«Театральный курьер», № 11, июнь 1999
Капитанская дочка. А.С.Пушкин.
Театр детской книги «Волшебная лампа»
Такие слова, наверняка, скажет всякий, кто попадет на спектакль Театра детской книги «Волшебная лампа», поставленный по пушкинской «Капитанской дочке». Его жанр определен как «народное действо», в котором абсолютно на равных существуют элементы драматического и кукольного искусства, а в качестве музыкального сопровождения используются оригинальные мелодии композитора Ларисы Козаковой и песни, собранные в свое время еще самим Пушкиным, но возрожденные Ансамблем Дмитрия Покровского. «Капитанская дочка» – вторая часть дилогии. Первая– «Свет мой, зеркальце! Скажи…», в ней наравне с персонажами «Сказки о мертвой царевне» действует и кукла, изображающая самого Поэта. Постоянный, не только в юбилейные дни, интерес к его творчеству, дает возможность предположить, что «Капитанская дочка» появилась в репертуаре театра неслучайно.
Первый ее показ состоялся еще зимой на Большой сцене Дворца имени Серафимовича. А некоторое время спустя «Волшебная лампа» наконец-то обрела свое, пусть и маленькое здание в самом центре Москвы. И в пространстве камерной сцены классический сюжет зазвучал как-то особенно сокровенно, трепетно. Что оказалось как нельзя кстати, ведь адресован он прежде всего детям среднего возраста, только открывающим для себя мир большой литературы, а это, как известно,процесс очень личный. Но «Капитанскую дочку» чрезвычайно полезно посмотреть и взрослым,зачастую забывающим в суматохе будней о главных жизненных принципах. И прежде всего о чести,которую надо беречь смолоду.
В мир спектакля режиссеры Владимир Штейн и Моника Рост предлагают нам войти постепенно.Своеобразным эпиграфом ко всему происходящему служит стихотворение Давида Самойлова,звучащее в записи Александра Кутепова.

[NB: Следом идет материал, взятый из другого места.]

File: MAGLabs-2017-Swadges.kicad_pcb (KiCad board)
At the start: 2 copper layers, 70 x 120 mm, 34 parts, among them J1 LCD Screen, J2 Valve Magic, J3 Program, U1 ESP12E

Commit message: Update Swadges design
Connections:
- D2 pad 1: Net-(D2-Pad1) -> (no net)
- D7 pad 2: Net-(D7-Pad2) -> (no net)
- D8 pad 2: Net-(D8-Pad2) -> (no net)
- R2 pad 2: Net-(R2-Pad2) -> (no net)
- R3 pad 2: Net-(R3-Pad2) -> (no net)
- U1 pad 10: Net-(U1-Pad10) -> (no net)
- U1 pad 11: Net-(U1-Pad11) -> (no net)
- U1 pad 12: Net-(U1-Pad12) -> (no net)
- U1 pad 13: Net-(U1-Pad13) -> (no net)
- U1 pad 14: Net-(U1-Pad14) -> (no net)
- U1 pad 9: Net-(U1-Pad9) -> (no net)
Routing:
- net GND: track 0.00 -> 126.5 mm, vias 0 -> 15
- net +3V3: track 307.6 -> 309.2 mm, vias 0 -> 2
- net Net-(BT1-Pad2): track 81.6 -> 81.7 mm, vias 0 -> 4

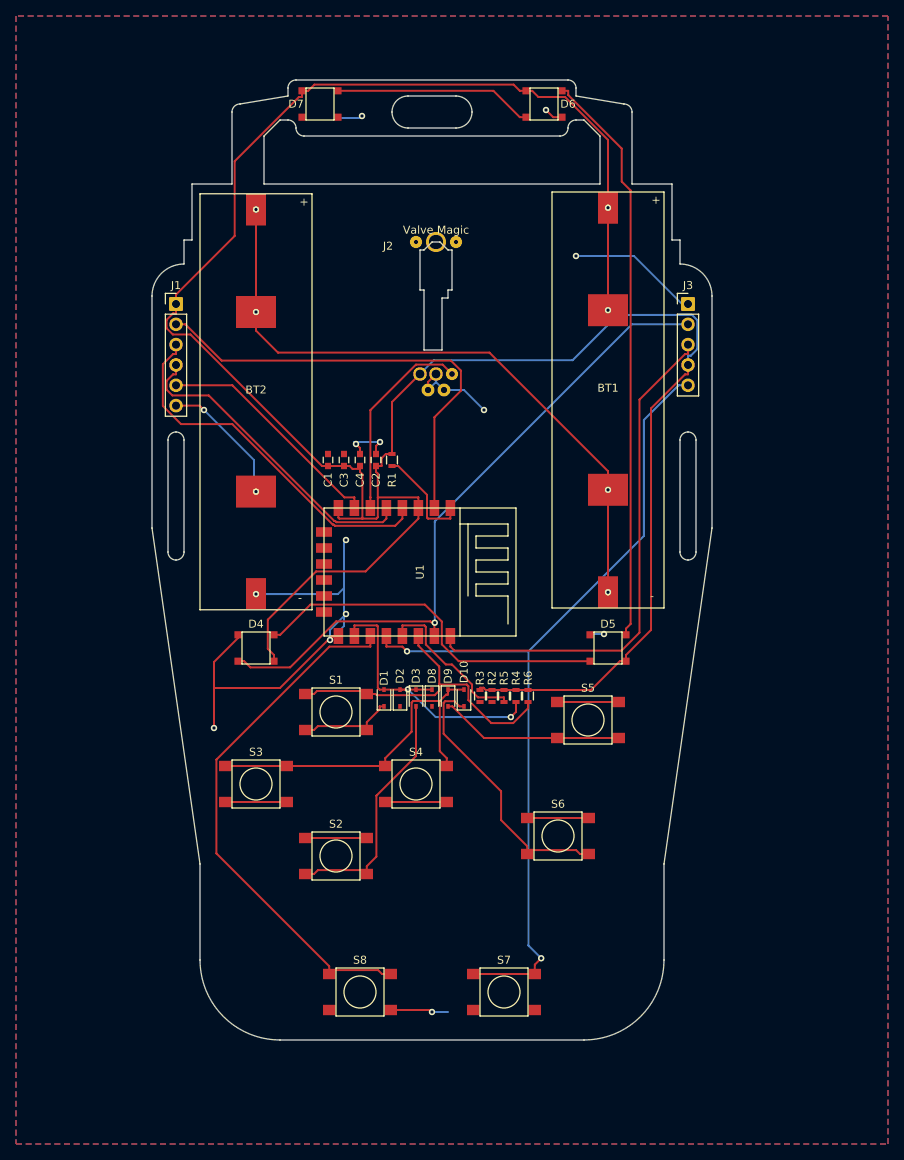
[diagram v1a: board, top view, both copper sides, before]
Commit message: Cleanup outputs
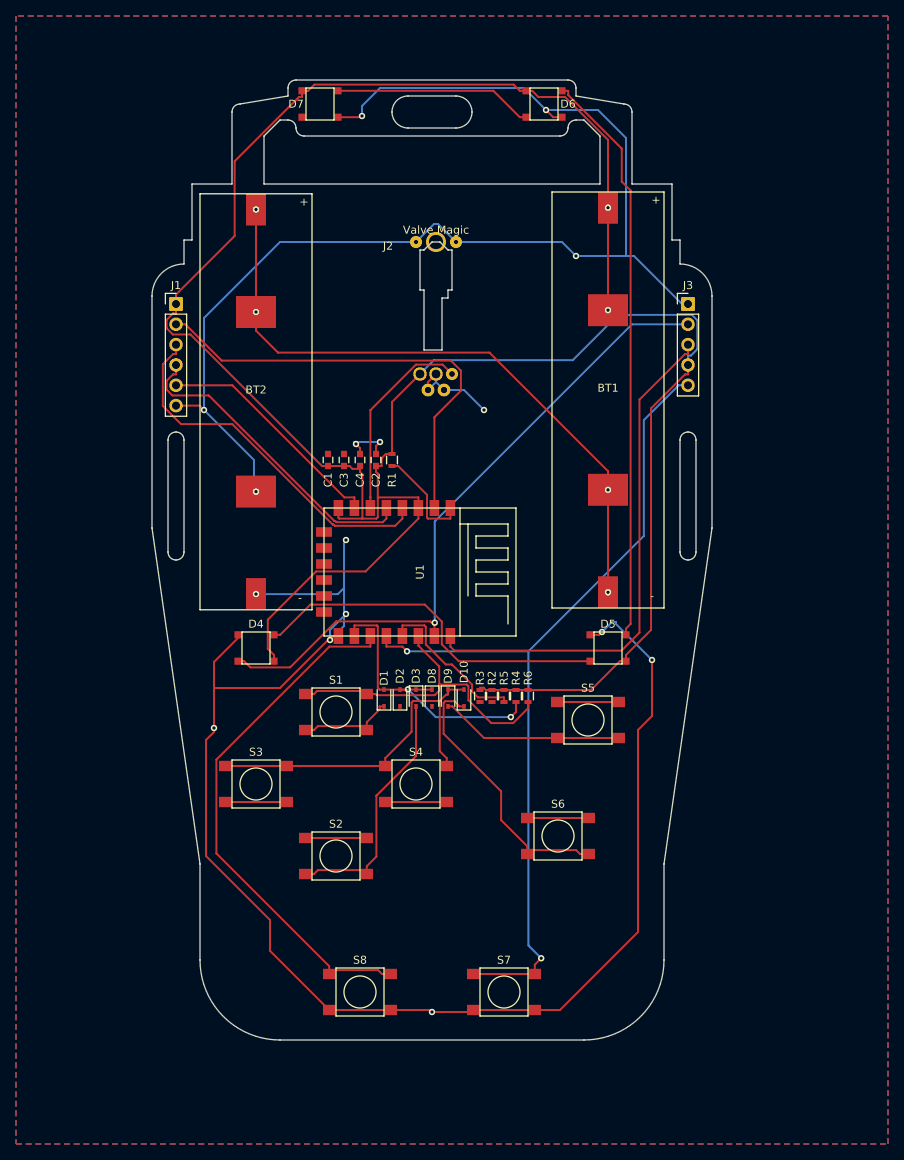
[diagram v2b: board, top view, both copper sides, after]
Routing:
- net GND: track 126.5 -> 366.9 mm, vias 15 -> 16
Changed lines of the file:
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@@
     (thickness 1.6)
     (drawings 74)
-    (tracks 383)
+    (tracks 419)
     (zones 0)
     (modules 34)
@@
   (segment (start 168 70.62) (end 168 71.7953) (width 0.25) (layer F.Cu) (net 2))
   (segment (start 160.25 107.65) (end 160.25 106.8747) (width 0.25) (layer F.Cu) (net 2))
-  (segment (start 152.25 39.65) (end 151.15 39.65) (width 0.25) (layer F.Cu) (net 3) (status 400000))
+  (segment (start 107.5 76.25) (end 107.5 64.75) (width 0.25) (layer B.Cu) (net 3))
+  (segment (start 117 55.25) (end 134 55.25) (width 0.25) (layer B.Cu) (net 3) (status 800000))
+  (segment (start 107.5 64.75) (end 117 55.25) (width 0.25) (layer B.Cu) (net 3))
+  (segment (start 139 55.25) (end 136.75 53) (width 0.25) (layer B.Cu) (net 3) (status 400000))
+  (segment (start 136.75 53) (end 136.25 53) (width 0.25) (layer B.Cu) (net 3))
+  (segment (start 136.25 53) (end 134 55.25) (width 0.25) (layer B.Cu) (net 3) (status 800000))
+  (segment (start 139 55.25) (end 152.25 55.25) (width 0.25) (layer B.Cu) (net 3) (status 400000))
+  (via (at 154 57) (size 0.8) (drill 0.4) (layers F.Cu B.Cu) (net 3))
+  (segment (start 154 57) (end 160.25 57) (width 0.25) (layer B.Cu) (net 3))
+  (segment (start 152.25 55.25) (end 154 57) (width 0.25) (layer B.Cu) (net 3))
+  (segment (start 150.25 38.75) (end 156.75 38.75) (width 0.25) (layer B.Cu) (net 3))
+  (segment (start 160.25 42.25) (end 160.25 57) (width 0.25) (layer B.Cu) (net 3))
+  (segment (start 156.75 38.75) (end 160.25 42.25) (width 0.25) (layer B.Cu) (net 3))
+  (segment (start 127.25 39.5) (end 127.25 38.25) (width 0.25) (layer B.Cu) (net 3))
+  (via (at 150.25 38.75) (size 0.8) (drill 0.4) (layers F.Cu B.Cu) (net 3))
   (segment (start 151.15 39.65) (end 150.25 38.75) (width 0.25) (layer F.Cu) (net 3))
-  (via (at 150.25 38.75) (size 0.8) (drill 0.4) (layers F.Cu B.Cu) (net 3))
-  (segment (start 124.5 39.75) (end 127 39.75) (width 0.25) (layer B.Cu) (net 3))
-  (segment (start 127 39.75) (end 127.25 39.5) (width 0.25) (layer B.Cu) (net 3))
+  (segment (start 152.25 39.65) (end 151.15 39.65) (width 0.25) (layer F.Cu) (net 3))
+  (segment (start 127.1 39.65) (end 127.25 39.5) (width 0.25) (layer F.Cu) (net 3))
   (via (at 127.25 39.5) (size 0.8) (drill 0.4) (layers F.Cu B.Cu) (net 3))
-  (segment (start 156 104.25) (end 157.5 104.25) (width 0.25) (layer B.Cu) (net 3))
-  (via (at 157.5 104.25) (size 0.8) (drill 0.4) (layers F.Cu B.Cu) (net 3))
-  (segment (start 157.5 104.25) (end 157.75 104.25) (width 0.25) (layer F.Cu) (net 3))
-  (segment (start 168 63) (end 167.25 63) (width 0.25) (layer B.Cu) (net 3) (status C00000))
-  (segment (start 167.25 63) (end 161.25 57) (width 0.25) (layer B.Cu) (net 3) (status 400000))
-  (segment (start 161.25 57) (end 154 57) (width 0.25) (layer B.Cu) (net 3))
-  (via (at 154 57) (size 0.8) (drill 0.4) (layers F.Cu B.Cu) (net 3))
-  (segment (start 104 75.7) (end 106.95 75.7) (width 0.25) (layer F.Cu) (net 3) (status 400000))
+  (segment (start 127.1 39.65) (end 124.25 39.65) (width 0.25) (layer F.Cu) (net 3) (status 800000))
+  (segment (start 147.5 36) (end 150.25 38.75) (width 0.25) (layer B.Cu) (net 3))
+  (segment (start 129.5 36) (end 147.5 36) (width 0.25) (layer B.Cu) (net 3))
+  (segment (start 127.25 38.25) (end 129.5 36) (width 0.25) (layer B.Cu) (net 3))
+  (segment (start 108.75 116) (end 108.75 116.5) (width 0.25) (layer F.Cu) (net 3))
+  (via (at 108.75 116) (size 0.8) (drill 0.4) (layers F.Cu B.Cu) (net 3))
+  (segment (start 108.75 111) (end 108.75 116) (width 0.25) (layer F.Cu) (net 3))
+  (segment (start 115.75 143.85) (end 123.15 151.25) (width 0.25) (layer F.Cu) (net 3) (status 800000))
+  (segment (start 115.75 140) (end 115.75 143.85) (width 0.25) (layer F.Cu) (net 3))
+  (segment (start 107.75 132) (end 115.75 140) (width 0.25) (layer F.Cu) (net 3))
+  (segment (start 107.75 117.5) (end 107.75 132) (width 0.25) (layer F.Cu) (net 3))
+  (segment (start 108.75 116.5) (end 107.75 117.5) (width 0.25) (layer F.Cu) (net 3))
+  (segment (start 159 102.75) (end 158.5 102.75) (width 0.25) (layer B.Cu) (net 3))
+  (segment (start 152 151.25) (end 161.75 141.5) (width 0.25) (layer F.Cu) (net 3))
+  (segment (start 161.75 141.5) (end 161.75 116.25) (width 0.25) (layer F.Cu) (net 3))
+  (segment (start 161.75 116.25) (end 163.5 114.5) (width 0.25) (layer F.Cu) (net 3))
+  (segment (start 163.5 114.5) (end 163.5 107.5) (width 0.25) (layer F.Cu) (net 3))
+  (via (at 163.5 107.5) (size 0.8) (drill 0.4) (layers F.Cu B.Cu) (net 3))
+  (segment (start 163.5 107.5) (end 159 103) (width 0.25) (layer B.Cu) (net 3))
+  (segment (start 159 103) (end 159 102.75) (width 0.25) (layer B.Cu) (net 3))
+  (segment (start 148.85 151.25) (end 152 151.25) (width 0.25) (layer F.Cu) (net 3) (status 400000))
+  (segment (start 156.9 104.35) (end 155.75 104.35) (width 0.25) (layer F.Cu) (net 3) (status 800000))
+  (segment (start 157.25 104) (end 156.9 104.35) (width 0.25) (layer F.Cu) (net 3))
+  (via (at 157.25 104) (size 0.8) (drill 0.4) (layers F.Cu B.Cu) (net 3))
+  (segment (start 158.5 102.75) (end 157.25 104) (width 0.25) (layer B.Cu) (net 3))
+  (segment (start 141.15 151.25) (end 148.85 151.25) (width 0.25) (layer F.Cu) (net 3) (status C00000))
+  (segment (start 136 151.5) (end 140.9 151.5) (width 0.25) (layer F.Cu) (net 3) (status 800000))
+  (segment (start 140.9 151.5) (end 141.15 151.25) (width 0.25) (layer F.Cu) (net 3) (status C00000))
+  (segment (start 123.15 151.25) (end 130.85 151.25) (width 0.25) (layer F.Cu) (net 3) (status C00000))
+  (segment (start 168 63) (end 167.25 63) (width 0.25) (layer B.Cu) (net 3))
+  (segment (start 167.25 63) (end 161.25 57) (width 0.25) (layer B.Cu) (net 3))
+  (segment (start 161.25 57) (end 160.25 57) (width 0.25) (layer B.Cu) (net 3))
+  (segment (start 104 75.7) (end 106.95 75.7) (width 0.25) (layer F.Cu) (net 3))
   (segment (start 106.95 75.7) (end 107.5 76.25) (width 0.25) (layer F.Cu) (net 3))
   (via (at 107.5 76.25) (size 0.8) (drill 0.4) (layers F.Cu B.Cu) (net 3))
   (segment (start 107.5 76.25) (end 113.75 82.5) (width 0.25) (layer B.Cu) (net 3))
   (segment (start 113.75 82.5) (end 113.75 85.5) (width 0.25) (layer B.Cu) (net 3))
-  (segment (start 137.5 73.75) (end 140 73.75) (width 0.25) (layer B.Cu) (net 3) (status 400000))
+  (segment (start 137.5 73.75) (end 140 73.75) (width 0.25) (layer B.Cu) (net 3))
   (segment (start 140 73.75) (end 142.5 76.25) (width 0.25) (layer B.Cu) (net 3))
   (via (at 142.5 76.25) (size 0.8) (drill 0.4) (layers F.Cu B.Cu) (net 3))
@@
   (segment (start 125 92.75) (end 125.25 92.5) (width 0.25) (layer B.Cu) (net 3))
   (via (at 125.25 92.5) (size 0.8) (drill 0.4) (layers F.Cu B.Cu) (net 3))
-  (segment (start 124.3 104.5) (end 123.75 104.5) (width 0.25) (layer F.Cu) (net 3) (status C00000))
-  (segment (start 123.75 104.5) (end 123.25 105) (width 0.25) (layer F.Cu) (net 3) (status 400000))
+  (segment (start 124.3 104.5) (end 123.75 104.5) (width 0.25) (layer F.Cu) (net 3))
+  (segment (start 123.75 104.5) (end 123.25 105) (width 0.25) (layer F.Cu) (net 3))
   (via (at 123.25 105) (size 0.8) (drill 0.4) (layers F.Cu B.Cu) (net 3))
   (segment (start 123.25 105) (end 125 103.25) (width 0.25) (layer B.Cu) (net 3))
@@
   (segment (start 125 98.5) (end 124.24 99.26) (width 0.25) (layer B.Cu) (net 3))
   (segment (start 124.24 99.26) (end 114 99.26) (width 0.25) (layer B.Cu) (net 3))
-  (segment (start 124.3 104.5) (end 123.5 104.5) (width 0.25) (layer F.Cu) (net 3) (status 400000))
+  (segment (start 124.3 104.5) (end 123.5 104.5) (width 0.25) (layer F.Cu) (net 3))
   (segment (start 123.5 104.5) (end 117 111) (width 0.25) (layer F.Cu) (net 3))
   (segment (start 117 111) (end 108.75 111) (width 0.25) (layer F.Cu) (net 3))
-  (segment (start 136.5 71.75) (end 136.5 72.75) (width 0.25) (layer B.Cu) (net 3) (status 400000))
-  (segment (start 136.5 72.75) (end 135.5 73.75) (width 0.25) (layer B.Cu) (net 3) (status 800000))
-  (segment (start 136.5 72.75) (end 137.5 73.75) (width 0.25) (layer B.Cu) (net 3) (status 800000))
-  (segment (start 135.5 73.75) (end 135.5 72.75) (width 0.25) (layer F.Cu) (net 3) (status 400000))
-  (segment (start 135.5 72.75) (end 136.5 71.75) (width 0.25) (layer F.Cu) (net 3) (status 800000))
-  (segment (start 129 81.75) (end 129 80.75) (width 0.25) (layer F.Cu) (net 3) (status 400000))
-  (segment (start 127 81) (end 127 81.75) (width 0.25) (layer F.Cu) (net 3) (status 800000))
+  (segment (start 136.5 71.75) (end 136.5 72.75) (width 0.25) (layer B.Cu) (net 3))
+  (segment (start 136.5 72.75) (end 135.5 73.75) (width 0.25) (layer B.Cu) (net 3))
+  (segment (start 136.5 72.75) (end 137.5 73.75) (width 0.25) (layer B.Cu) (net 3))
+  (segment (start 135.5 73.75) (end 135.5 72.75) (width 0.25) (layer F.Cu) (net 3))
+  (segment (start 135.5 72.75) (end 136.5 71.75) (width 0.25) (layer F.Cu) (net 3))
+  (segment (start 129 81.75) (end 129 80.75) (width 0.25) (layer F.Cu) (net 3))
+  (segment (start 127 81) (end 127 81.75) (width 0.25) (layer F.Cu) (net 3))
   (segment (start 126.5 80.5) (end 127 81) (width 0.25) (layer F.Cu) (net 3))
   (via (at 126.5 80.5) (size 0.8) (drill 0.4) (layers F.Cu B.Cu) (net 3))
@@
   (segment (start 111.75 104.75) (end 108.75 107.75) (width 0.25) (layer F.Cu) (net 3))
   (segment (start 108.75 107.75) (end 108.75 111) (width 0.25) (layer F.Cu) (net 3))
-  (segment (start 108.75 111) (end 108.75 116) (width 0.25) (layer F.Cu) (net 3))
-  (via (at 108.75 116) (size 0.8) (drill 0.4) (layers F.Cu B.Cu) (net 3))
   (via (at 114 86.45) (size 0.8) (drill 0.4) (layers F.Cu B.Cu) (net 3))
   (segment (start 114 86.45) (end 114 86.5) (width 0.25) (layer B.Cu) (net 3))

А потом на небольшую сцену, затянутую в черные холсты,выходит молодой человек в холщовой одежде (Аркадий Капатов) и начинает собирать разбросанные по полу белые листы – разрозненные страницы пушкинской повести. Он внимательно в них вглядывается и произносит некоторые строки, словно «пробуя» их «на слух». Ему вторят голоса остальных артистов. Из такого импровизированного хора и рождается действие. Оно складывается буквально у нас на глазах;вместе с пушкинскими героями зрителям предлагается пройти горький путь становления человеческой личности. Горький, потому что первое, с чем приходится столкнуться юной, только что вступающей в жизнь душе, – это кровь, насилие, подлость, предательство.
Авторское слово, которое очень бережно несут со сцены молодые артисты, как бы «материализуют» куклы с большими и грустными, как у руководителя театра Владимира Штейна, глазами (изготовлены они, равно как костюмы и декорации, руками художников Марины Грибановой и Виктора Плотникова).Иногда ловишь себя на мысли, что куклы начинают жить особой, абсолютно независимой жизнью.Дышать и волноваться ничуть не меньше того, на чьей руке она одета. Такое соседство задевает эмоционально, делает сценические образы объемными, запоминающимися. Как, например,Белогорская крепость, явленная нам в виде молодой женщины (Оксана Пашина или Юлия Стадник), на плечах которой висит коромысло с игрушечными солдатиками и пушкой вместо головного убора. Время от времени она начинает гнуться под тяжестью обрушившейся на нее беды. Или портреты с прорезями для рук и головы актеров, как на старинных фотографиях, в углу коих указаны имена персонажей.Прием, требующий от исполнителей точнейшей мимики и отточенного жеста. Сильное впечатление производит диалог Орла (Андрей Нагорнов или Александр Расстригин) и Ворона (Александр Захарьев) – героев старинной сказки, рассказанной Пугачевым Петруше Гриневу. По пустой сцене мечутся две фигуры с огромными масками на головах, а в эти мгновения из кулисы в кулису пролетают кроваво-красные кометы. Остается в памяти и шабаш каких-то языческих фигур, периодически появляющихся на подмостках, танцующих под аккомпанемент положенных на ритмическую основу пушкинских «Бесов»…
В спектакле «Волшебной лампы» каждая деталь «работает» на общий замысел. От первых минут до финала, в какой-то степени рифмующегося с началом. После поклонов, когда, словно из-под крыла самой Руси, в хороводе пройдут перед зрителями все занятые в спектакле, на сцене вновь окажется тот человек, который начинал спектакль. В его руках снова оказывается пачка бумаги, быть может,пушкинской повести, ждущей новых воплощений. Та же, с которой нас только что познакомили, должна занять в театральной «пушкиниане» одно из самых достойных мест.